# Is it possible to reference a Power Query in another workbook?



## cr731 (Jan 26, 2016)

I have a workbook containing some Power Query queries.  It's a rather involved set up in pulling from different sources and linking tables, so it's tedious to do.  But I want to use these queries in a few different ways, that require me to have different workbooks storing the output.

Is there a way to reference Workbook A's Power Query model from Workbook B to avoid having to recreate the entire model?

Or is there a better way to basically share the query between workbooks?

I know I can copy/paste from the Advanced Editor, but this is time consuming and if I potentially need to change some part of the query, I need to change it in many places.


----------



## Matt Allington (Jan 28, 2016)

Cut and paste in the advanced editor is the current best method. In Excel 2016 there is better VBA support, but the effort to build something would be more than the cut and paste I think. If you have multiple queries, just save the master workbook with a new name and start from there. 

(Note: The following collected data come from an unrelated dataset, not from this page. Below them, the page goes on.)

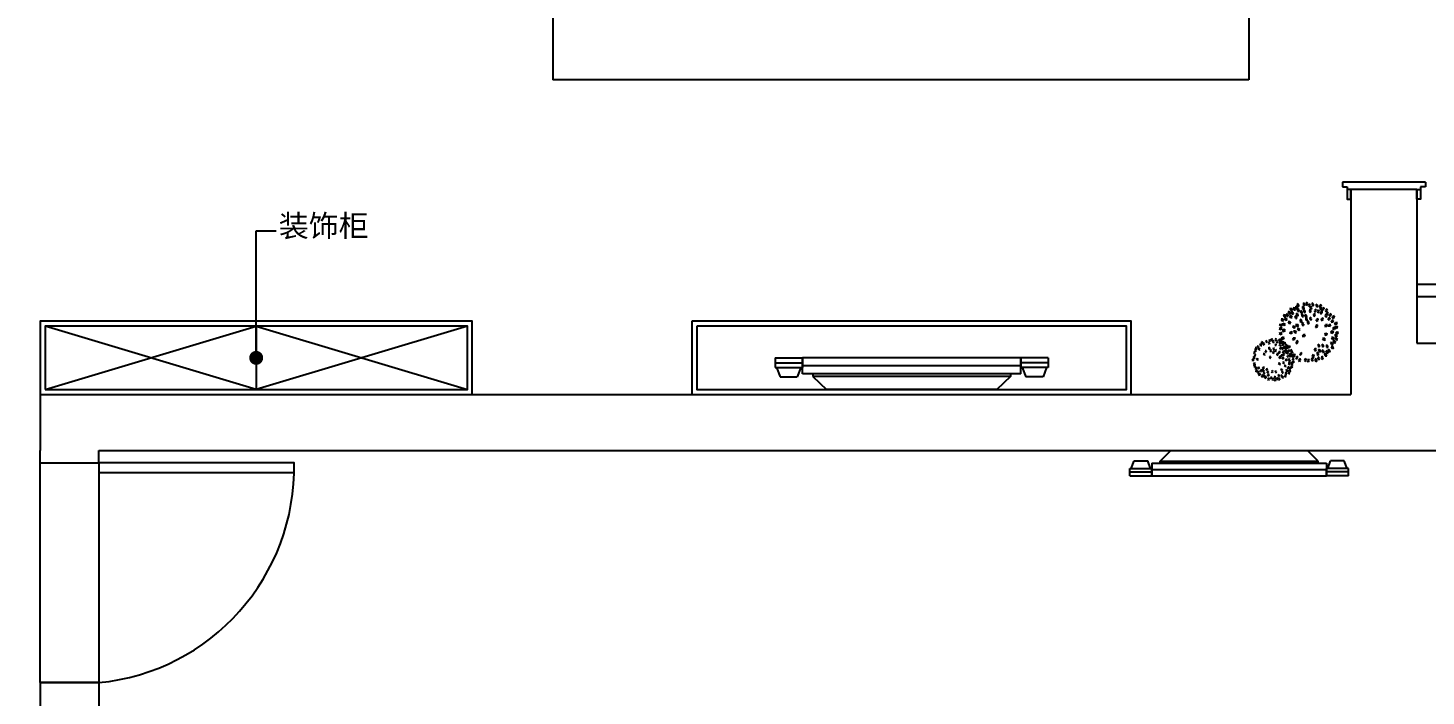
# Model space of a CAD drawing. Header units: millimetres. Extents: x -608935 to 90319, y -1318739 to -774154.
# Drawn here: x -108038 to -102310, y -810845 to -808109 of the extents above; entities that cross this region are included whole.
import ezdxf

# ---------------------------------------------------------------- set-up
doc = ezdxf.new("R2010")
doc.units = ezdxf.units.MM
doc.header["$PDMODE"] = 3
for name, color, linetype in [('250', 250, 'Continuous'), ('IFF_FURN', 30, 'Continuous'), ('layer 1', 7, 'Continuous'), ('PUB_DIM', 3, 'Continuous'), ('家具1', 2, 'Continuous'), ('家具2', 8, 'Continuous')]:
    doc.layers.add(name, color=color, linetype=linetype)
doc.styles.add('DIM', font='simplex.shx', dxfattribs={"width": 0.8, "bigfont": 'hztxt.shx'})
doc.styles.get("Standard").update_dxf_attribs({"font": 'simhei.ttf'})
doc.styles.add('STYLE1', font='')
doc.styles.get('STYLE1').set_extended_font_data('SimSun')
doc.dimstyles.new('1-50', dxfattribs={"dimscale": 50, "dimtxt": 4, "dimasz": 1, "dimexe": 1, "dimexo": 0.1, "dimgap": 0.5, "dimtad": 1, "dimdec": 0, "dimdsep": 46, "dimtxsty": 'DIM', "dimblk": 'ARCHTICK', "dimcen": 4, "dimdle": 1, "dimclrd": 3, "dimclre": 3, "dimclrt": 1, "dimadec": 0, "dimazin": 0, "dimtfac": 1, "dimtdec": 0, "dimtmove": 2, "dimatfit": 3, "dimldrblk": 'DOT', "dimfxl": 15, "dimfxlon": 1, "dimarcsym": 0})
doc.dimstyles.new('1-55', dxfattribs={"dimscale": 57, "dimtxt": 2.5, "dimasz": 1, "dimexe": 2, "dimexo": 0.625, "dimtad": 1, "dimdec": 0, "dimrnd": 5, "dimtxsty": 'Standard', "dimblk": 'DOT', "dimcen": 2.5, "dimclrd": 1, "dimclre": 1, "dimclrt": 2, "dimadec": 0, "dimazin": 0, "dimtfac": 1, "dimtdec": 0, "dimtmove": 2, "dimatfit": 3, "dimldrblk": 'DOT', "dimfxl": 1, "dimarcsym": 0})

# ---------------------------------------------------------------- blocks, each defined once
blk = doc.blocks.new('45')
at = {"color": 8, "ltscale": 5}
blk.add_wipeout([(2851.9, 328), (2851.9, 0), (0, 0), (0, 443.6), (-385.7, 454.3), (-385.7, 1344.2), (0, 1354.9), (0, 1943.5), (-250, 1943.5), (-250, 2443.5), (250, 2443.5), (250, 2193.5), (375.9, 2193.5), (375.9, 2614.1), (376.7, 2618.1), (378.9, 2621.2), (382.3, 2623.4), (385.9, 2624.1), (497.8, 2624.1), (501.7, 2623.3), (504.8, 2621.2), (506.9, 2618.2), (507.8, 2614.1), (507.8, 2565.7), (508.7, 2577.7), (509.6, 2588.5), (510.2, 2594.6), (511.1, 2601.9), (512, 2608.5), (514.6, 2624.1), (2337.3, 2624.1), (2338.9, 2614.9), (2340.3, 2605.5), (2341, 2600.2), (2341.5, 2596), (2342.1, 2590), (2342.6, 2584.2), (2343.1, 2578.2), (2344.1, 2556.5), (2344.1, 2614.1), (2344.8, 2617.9), (2347, 2621.2), (2350.1, 2623.3), (2354.1, 2624.1), (2465.9, 2624.1), (2469.5, 2623.4), (2473, 2621.2), (2475.1, 2618.1), (2475.9, 2614.1), (2475.9, 2193.5), (2601.9, 2193.5), (2601.9, 2443.5), (3101.9, 2443.5), (3101.9, 1943.5), (2851.9, 1943.5), (2851.9, 1528), (3075.3, 1528), (3075.3, 328)], dxfattribs=at).dxf.layer = 'IFF_FURN'
at = {"layer": 'IFF_FURN', "color": 2, "ltscale": 5}
for p, q in [((375.9, 1780.8), (375.9, 2614.1)), ((385.9, 2624.1), (497.8, 2624.1)), ((507.8, 1774.1), (507.8, 2614.1)), ((2337.3, 2624.1), (514.6, 2624.1)), ((2344.1, 1774.1), (2344.1, 2614.1)), ((2465.9, 2624.1), (2354.1, 2624.1)), ((2475.9, 1780.8), (2475.9, 2614.1)), ((507.8, 2484.1), (2338.5, 2484.1)), ((1425.9, 2484.1), (1425.9, 1764.1)), ((507.8, 2434.1), (2344.1, 2434.1)), ((250, 2193.5), (375.9, 2193.5)), ((2601.9, 2193.5), (2475.9, 2193.5)), ((0, 1943.5), (0, 1354.9)), ((2851.9, 1943.5), (2851.9, 1528)), ((517.8, 1764.1), (2334.1, 1764.1)), ((-385.7, 1344.2), (335.2, 1364.2)), ((-385.7, 1344.2), (335.2, 1364.2)), ((-385.7, 454.3), (-385.7, 1344.2)), ((-385.7, 454.3), (-385.7, 1344.2)), ((-361.7, 454.3), (-361.7, 1344.2)), ((-361.7, 454.3), (-361.7, 1344.2)), ((-361.7, 1304.8), (335.2, 1324.2)), ((-361.7, 1304.8), (335.2, 1324.2)), ((335.2, 1364.2), (335.2, 1324.2)), ((335.2, 1364.2), (335.2, 1324.2)), ((335.2, 474.4), (335.2, 1324.2)), ((335.2, 474.4), (335.2, 1324.2)), ((335.2, 474.4), (-361.7, 493.7)), ((335.2, 474.4), (-361.7, 493.7)), ((335.2, 474.4), (335.2, 434.3)), ((335.2, 474.4), (335.2, 434.3)), ((335.2, 434.3), (-385.7, 454.3)), ((335.2, 434.3), (-385.7, 454.3)), ((0, 443.6), (0, 0)), ((2851.9, 328), (2851.9, 0))]:
    blk.add_line(p, q, dxfattribs=at)
at = {"layer": 'IFF_FURN', "color": 1, "ltscale": 5}
for p, q in [((7.6, 2027.2), (7.6, 2327.2)), ((2844.2, 2027.2), (2844.2, 2327.2)), ((-142.4, 2177.2), (157.6, 2177.2)), ((2994.2, 2177.2), (2694.2, 2177.2))]:
    blk.add_line(p, q, dxfattribs=at)
at = {"layer": 'IFF_FURN', "color": 8, "ltscale": 5}
blk.add_line((0, 0), (2851.9, 0), dxfattribs=at)
at = {"layer": 'IFF_FURN', "color": 2, "ltscale": 5}
for points in [[(250, 2443.5), (-250, 2443.5), (-250, 1943.5), (250, 1943.5)], [(2601.9, 2443.5), (3101.9, 2443.5), (3101.9, 1943.5), (2601.9, 1943.5)], [(3075.3, 1528), (2475.3, 1528), (2475.3, 328), (3075.3, 328)], [(975.3, 1364.2), (1875.3, 1364.2), (1875.3, 464.2), (975.3, 464.2)]]:
    blk.add_lwpolyline(points, close=True, dxfattribs=at)
at = {"layer": 'IFF_FURN', "color": 1, "ltscale": 5}
blk.add_lwpolyline([(-285.6, 534.4), (-285.6, 1264.1, -0.414214), (-265.5, 1284.1), (215.1, 1284.1, -0.414214), (235.1, 1264.1), (235.1, 534.4, -0.414214), (215.1, 514.4), (-265.5, 514.4, -0.414214)], format="xyb", close=True, dxfattribs=at)
blk.add_lwpolyline([(-285.6, 534.4), (-285.6, 1264.1, -0.414214), (-265.5, 1284.1), (215.1, 1284.1, -0.414214), (235.1, 1264.1), (235.1, 534.4, -0.414214), (215.1, 514.4), (-265.5, 514.4, -0.414214)], format="xyb", close=True, dxfattribs=at)
for centre, radius in [((7.6, 2177.2), 112.5), ((2844.2, 2177.2), 112.5), ((7.6, 2177.2), 56.2), ((2844.2, 2177.2), 56.2)]:
    blk.add_circle(centre, radius, dxfattribs=at)
at = {"layer": 'IFF_FURN', "color": 2, "ltscale": 5}
for centre, radius, start, end in [((385.9, 2614.1), 10, 90, 180), ((497.8, 2614.1), 10, 0, 90), ((910.3, 2550.5), 402.5, 169.4694, 189.5003), ((1941.5, 2550.5), 402.5, 350.4997, 10.5306), ((2354.1, 2614.1), 10, 90, 180), ((2465.9, 2614.1), 10, 0, 90), ((385.9, 1780.8), 10, 180, 248.7434), ((2465.9, 1780.8), 10, 291.2566, 0), ((441.8, 1924.5), 164.2, 248.7434, 293.6632), ((517.8, 1774.1), 10, 180, 270), ((2334.1, 1774.1), 10, 270, 0), ((2410, 1924.5), 164.2, 246.3368, 291.2566)]:
    blk.add_arc(centre, radius, start, end, dxfattribs=at)
blk = doc.blocks.new('离子电视')
at = {"layer": '家具1'}
for p, q in [((-150, 647.5), (-150, 517.5)), ((-150, 647.5), (-105, 647.5)), ((-105, 647.5), (-105, 517.5)), ((-105, 640.3), (-60, 623.1)), ((-60, 623.1), (-60, 541.9)), ((-105, 524.7), (-60, 541.9)), ((-75, 517.5), (-150, 517.5)), ((-150, 517.5), (-105, 517.5)), ((-150, 517.5), (-150, -517.5)), ((-75, 517.5), (-75, -517.5)), ((-75, 469), (-61.9, 469)), ((-61.9, 469), (0, 404.2)), ((0, 404.2), (0, -404.2)), ((-61.9, -469), (0, -404.2)), ((-150, -647.5), (-150, -517.5)), ((-150, -517.5), (-105, -517.5)), ((-75, -517.5), (-150, -517.5)), ((-105, -647.5), (-105, -517.5)), ((-105, -524.7), (-60, -541.9)), ((-75, -469), (-61.9, -469)), ((-60, -623.1), (-60, -541.9)), ((-150, -647.5), (-105, -647.5)), ((-105, -640.3), (-60, -623.1))]:
    blk.add_line(p, q, dxfattribs=at)
at = {"layer": '家具2'}
for p, q in [((-126.3, 647.5), (-126.3, 517.5)), ((-112.6, 517.5), (-112.6, -517.5)), ((-61.9, 469), (-61.9, -469)), ((-126.3, -647.5), (-126.3, -517.5))]:
    blk.add_line(p, q, dxfattribs=at)
blk = doc.blocks.new('KIJNHB8')
at = {"layer": '家具1'}
for p, q in [((-99558.5, -820437.5), (-99538.5, -820437.5)), ((-99538.5, -820437.5), (-99538.5, -820417.5)), ((-99538.5, -820417.5), (-99508.5, -820417.5))]:
    blk.add_line(p, q, dxfattribs=at)
blk.add_lwpolyline([(-99528.5, -820402.5), (-99528.5, -820417.5), (-99488.5, -820417.5), (-99488.5, -820402.5)], close=True, dxfattribs=at)
blk = doc.blocks.new('绿植1')
at = {"layer": 'PUB_DIM'}
for p, q in [((266, 0), (264, -17)), ((280, -7), (266, 0)), ((97, -114), (81, -123)), ((81, -123), (101, -131)), ((113, -120), (97, -114)), ((101, -131), (113, -120)), ((121, -83), (105, -81)), ((105, -81), (110, -97)), ((110, -97), (126, -104)), ((126, -104), (121, -83)), ((147, -87), (131, -86)), ((131, -86), (137, -102)), ((137, -102), (154, -108)), ((161, -70), (145, -67)), ((145, -67), (149, -84)), ((161, -123), (145, -124)), ((145, -124), (152, -140)), ((154, -108), (147, -87)), ((149, -84), (165, -92)), ((152, -140), (170, -143)), ((165, -92), (161, -70)), ((170, -143), (161, -123)), ((186, -44), (170, -43)), ((170, -43), (175, -59)), ((188, -102), (173, -97)), ((173, -97), (175, -114)), ((175, -59), (193, -65)), ((175, -114), (190, -124)), ((193, -65), (186, -44)), ((190, -124), (188, -102)), ((220, -48), (204, -47)), ((204, -47), (210, -63)), ((210, -63), (227, -69)), ((231, -69), (215, -73)), ((215, -73), (225, -87)), ((227, -69), (220, -48)), ((225, -87), (243, -87)), ((243, -87), (231, -69)), ((246, -27), (232, -21)), ((232, -21), (232, -38)), ((232, -38), (247, -49)), ((254, -121), (239, -116)), ((239, -116), (240, -133)), ((240, -133), (255, -143)), ((247, -49), (246, -27)), ((255, -143), (254, -121)), ((264, -17), (278, -29)), ((267, -46), (264, -68)), ((264, -68), (278, -76)), ((280, -59), (267, -46)), ((278, -29), (280, -7)), ((278, -76), (280, -59)), ((305, -26), (300, -42)), ((300, -42), (311, -57)), ((317, -36), (305, -26)), ((311, -57), (317, -36)), ((318, -103), (314, -120)), ((314, -120), (326, -134)), ((331, -112), (318, -103)), ((326, -134), (331, -112)), ((336, -70), (327, -85)), ((327, -85), (334, -102)), ((338, -2), (334, -18)), ((334, -18), (346, -32)), ((334, -102), (346, -83)), ((346, -83), (336, -70)), ((351, -11), (338, -2)), ((346, -32), (351, -11)), ((387, -13), (373, -23)), ((373, -23), (374, -42)), ((384, -38), (373, -52)), ((373, -52), (377, -69)), ((374, -42), (391, -28)), ((377, -69), (391, -52)), ((391, -52), (384, -38)), ((391, -28), (387, -13)), ((410, -140), (397, -151)), ((414, -72), (401, -83)), ((401, -83), (402, -101)), ((402, -101), (419, -87)), ((415, -155), (410, -140)), ((419, -87), (414, -72)), ((441, -29), (429, -41)), ((429, -41), (432, -59)), ((432, -59), (448, -43)), ((448, -43), (441, -29)), ((451, -61), (448, -79)), ((448, -79), (468, -68)), ((466, -52), (451, -61)), ((465, -99), (456, -114)), ((456, -114), (478, -112)), ((482, -97), (465, -99)), ((468, -68), (466, -52)), ((478, -112), (482, -97)), ((484, -69), (479, -86)), ((479, -86), (500, -79)), ((500, -63), (484, -69)), ((503, -99), (497, -116)), ((497, -116), (518, -109)), ((500, -79), (500, -63)), ((512, -129), (501, -144)), ((520, -94), (503, -99)), ((529, -129), (512, -129)), ((518, -109), (520, -94)), ((523, -144), (529, -129)), ((549, -139), (542, -156)), ((565, -134), (549, -139)), ((564, -150), (565, -134)), ((32, -229), (16, -238)), ((16, -238), (36, -247)), ((42, -199), (25, -206)), ((25, -206), (44, -218)), ((47, -235), (32, -229)), ((36, -247), (47, -235)), ((56, -208), (42, -199)), ((44, -218), (56, -208)), ((63, -251), (47, -260)), ((47, -260), (68, -269)), ((68, -183), (50, -187)), ((50, -187), (67, -202)), ((70, -147), (54, -156)), ((54, -156), (74, -165)), ((79, -258), (63, -251)), ((67, -202), (81, -194)), ((81, -194), (68, -183)), ((68, -269), (79, -258)), ((86, -154), (70, -147)), ((74, -165), (86, -154)), ((96, -179), (79, -185)), ((79, -185), (97, -198)), ((95, -285), (79, -294)), ((101, -253), (86, -262)), ((86, -262), (106, -271)), ((111, -292), (95, -285)), ((110, -189), (96, -179)), ((97, -198), (110, -189)), ((117, -260), (101, -253)), ((121, -199), (104, -205)), ((104, -205), (122, -217)), ((106, -271), (117, -260)), ((135, -208), (121, -199)), ((122, -217), (135, -208)), ((128, -149), (134, -165)), ((144, -149), (128, -149)), ((134, -165), (152, -170)), ((145, -260), (136, -273)), ((136, -273), (152, -278)), ((152, -170), (144, -149)), ((167, -266), (145, -260)), ((152, -278), (167, -266)), ((177, -175), (162, -175)), ((162, -175), (169, -191)), ((182, -267), (166, -275)), ((166, -275), (185, -285)), ((169, -191), (187, -195)), ((187, -195), (177, -175)), ((197, -227), (180, -232)), ((180, -232), (198, -245)), ((197, -275), (182, -267)), ((185, -285), (197, -275)), ((211, -237), (197, -227)), ((198, -245), (211, -237)), ((223, -264), (206, -270)), ((206, -270), (224, -283)), ((239, -170), (223, -166)), ((223, -166), (226, -183)), ((237, -274), (223, -264)), ((224, -283), (237, -274)), ((226, -183), (241, -192)), ((241, -192), (239, -170)), ((296, -200), (281, -195)), ((281, -195), (282, -212)), ((282, -212), (297, -223)), ((297, -223), (296, -200)), ((397, -151), (398, -169)), ((398, -169), (415, -155)), ((435, -186), (429, -203)), ((429, -203), (450, -197)), ((451, -181), (435, -186)), ((450, -197), (451, -181)), ((481, -258), (465, -267)), ((465, -267), (485, -276)), ((496, -220), (481, -229)), ((481, -229), (501, -237)), ((496, -265), (481, -258)), ((485, -276), (496, -265)), ((512, -226), (496, -220)), ((501, -144), (523, -144)), ((501, -237), (512, -226)), ((521, -183), (505, -192)), ((505, -192), (526, -201)), ((531, -274), (517, -286)), ((537, -190), (521, -183)), ((526, -201), (537, -190)), ((547, -277), (531, -274)), ((550, -243), (538, -256)), ((538, -256), (560, -258)), ((539, -290), (547, -277)), ((542, -156), (564, -150)), ((567, -244), (550, -243)), ((568, -184), (555, -196)), ((555, -196), (577, -200)), ((573, -209), (560, -222)), ((560, -222), (582, -225)), ((560, -258), (567, -244)), ((585, -186), (568, -184)), ((590, -211), (573, -209)), ((577, -200), (585, -186)), ((593, -232), (581, -245)), ((581, -245), (603, -248)), ((582, -225), (590, -211)), ((610, -234), (593, -232)), ((611, -275), (594, -282)), ((594, -282), (613, -294)), ((603, -248), (610, -234)), ((626, -284), (611, -275)), ((613, -294), (626, -284)), ((16, -289), (0, -298)), ((0, -298), (20, -307)), ((32, -296), (16, -289)), ((27, -372), (16, -387)), ((16, -387), (39, -386)), ((20, -307), (32, -296)), ((36, -313), (20, -322)), ((20, -322), (41, -331)), ((33, -341), (21, -355)), ((21, -355), (43, -356)), ((44, -371), (27, -372)), ((50, -341), (33, -341)), ((52, -320), (36, -313)), ((50, -404), (38, -418)), ((38, -418), (60, -419)), ((39, -386), (44, -371)), ((41, -331), (52, -320)), ((43, -356), (50, -341)), ((67, -404), (50, -404)), ((67, -308), (51, -317)), ((51, -317), (72, -326)), ((63, -376), (52, -391)), ((52, -391), (75, -391)), ((60, -419), (67, -404)), ((80, -376), (63, -376)), ((83, -314), (67, -308)), ((72, -326), (83, -314)), ((75, -391), (80, -376)), ((79, -294), (99, -303)), ((91, -406), (82, -422)), ((82, -422), (104, -419)), ((104, -335), (88, -344)), ((88, -344), (108, -353)), ((108, -404), (91, -406)), ((99, -303), (111, -292)), ((119, -341), (104, -335)), ((104, -419), (108, -404)), ((108, -353), (119, -341)), ((121, -360), (108, -373)), ((108, -373), (130, -376)), ((131, -290), (117, -302)), ((117, -302), (139, -306)), ((138, -362), (121, -360)), ((130, -376), (138, -362)), ((147, -293), (131, -290)), ((139, -306), (147, -293)), ((176, -326), (160, -335)), ((160, -335), (180, -343)), ((192, -332), (176, -326)), ((180, -343), (192, -332)), ((197, -383), (193, -401)), ((193, -401), (213, -392)), ((213, -376), (197, -383)), ((200, -421), (199, -439)), ((199, -439), (218, -427)), ((215, -411), (200, -421)), ((217, -321), (201, -330)), ((201, -330), (221, -339)), ((213, -392), (213, -376)), ((218, -427), (215, -411)), ((232, -328), (217, -321)), ((221, -339), (232, -328)), ((240, -386), (237, -404)), ((237, -404), (257, -394)), ((255, -378), (240, -386)), ((251, -429), (245, -446)), ((267, -423), (251, -429)), ((257, -394), (255, -378)), ((266, -439), (267, -423)), ((326, -353), (318, -367)), ((318, -367), (325, -384)), ((325, -384), (336, -365)), ((336, -365), (326, -353)), ((507, -309), (489, -312)), ((489, -312), (505, -327)), ((505, -327), (519, -321)), ((519, -321), (507, -309)), ((517, -286), (539, -290)), ((553, -301), (537, -310)), ((537, -310), (557, -319)), ((562, -355), (544, -353)), ((544, -353), (555, -372)), ((569, -308), (553, -301)), ((555, -372), (571, -370)), ((557, -319), (569, -308)), ((571, -370), (562, -355)), ((565, -417), (577, -436)), ((583, -418), (565, -417)), ((589, -377), (571, -379)), ((571, -379), (586, -396)), ((592, -432), (583, -418)), ((602, -312), (585, -318)), ((585, -318), (603, -330)), ((586, -396), (601, -390)), ((601, -390), (589, -377)), ((607, -344), (591, -353)), ((591, -353), (611, -362)), ((617, -322), (602, -312)), ((603, -330), (617, -322)), ((623, -350), (607, -344)), ((611, -362), (623, -350)), ((59, -460), (48, -474)), ((48, -474), (70, -474)), ((64, -433), (52, -447)), ((52, -447), (74, -448)), ((76, -460), (59, -460)), ((81, -434), (64, -433)), ((70, -474), (76, -460)), ((74, -448), (81, -434)), ((87, -497), (79, -514)), ((79, -514), (101, -510)), ((94, -463), (87, -480)), ((87, -480), (109, -475)), ((104, -494), (87, -497)), ((111, -459), (94, -463)), ((101, -510), (104, -494)), ((109, -475), (111, -459)), ((129, -536), (126, -554)), ((126, -554), (146, -543)), ((143, -527), (129, -536)), ((141, -442), (134, -459)), ((134, -459), (155, -454)), ((135, -503), (134, -522)), ((134, -522), (152, -509)), ((149, -494), (135, -503)), ((158, -439), (141, -442)), ((146, -543), (143, -527)), ((152, -509), (149, -494)), ((155, -454), (158, -439)), ((174, -541), (161, -552)), ((161, -552), (162, -570)), ((162, -570), (179, -556)), ((179, -556), (174, -541)), ((203, -519), (190, -530)), ((190, -530), (191, -548)), ((191, -548), (208, -534)), ((208, -534), (203, -519)), ((219, -562), (206, -573)), ((224, -577), (219, -562)), ((251, -461), (240, -474)), ((240, -474), (243, -492)), ((243, -492), (258, -475)), ((245, -446), (266, -439)), ((258, -475), (251, -461)), ((269, -561), (257, -573)), ((275, -575), (269, -561)), ((316, -457), (307, -477)), ((307, -477), (318, -488)), ((325, -473), (316, -457)), ((318, -488), (325, -473)), ((368, -450), (352, -446)), ((352, -446), (355, -463)), ((355, -463), (371, -472)), ((362, -552), (360, -569)), ((360, -569), (373, -581)), ((376, -559), (362, -552)), ((371, -472), (368, -450)), ((373, -581), (376, -559)), ((455, -562), (439, -561)), ((439, -561), (444, -578)), ((462, -583), (455, -562)), ((477, -528), (461, -529)), ((461, -529), (468, -545)), ((468, -545), (486, -548)), ((477, -457), (480, -479)), ((493, -465), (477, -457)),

An alternative approach is to load all the queries as tables in the master workbook. Then do a simple table import into any other workbook that needs it. The second workbook will not trigger a query refresh on the first, so you will need to either manually refresh the first workbook or schedule it using power update or some other method.


----------



## ooptennoort (Jun 8, 2022)

Matt Allington said:


> Cut and paste in the advanced editor is the current best method. In Excel 2016 there is better VBA support, but the effort to build something would be more than the cut and paste I think. If you have multiple queries, just save the master workbook with a new name and start from there.
> 
> An alternative approach is to load all the queries as tables in the master workbook. Then do a simple table import into any other workbook that needs it. The second workbook will not trigger a query refresh on the first, so you will need to either manually refresh the first workbook or schedule it using power update or some other method.


Has PQ evolved in any way since last post to accommodate referencing of queries between, rather than within, workbooks, WITHOUT loading in sheets/tables (or copy pasting the query  ). Perhaps even syncing them??


----------



## ooptennoort (Jun 8, 2022)

ooptennoort said:


> Has PQ evolved in any way since last post to accommodate referencing of queries between, rather than within, workbooks, WITHOUT loading in sheets/tables (or copy pasting the query  ). Perhaps even syncing them??


What about automating data flows (if that is the right jargon)? Can above be achieved with say Power Automate?? (If so, how?)


----------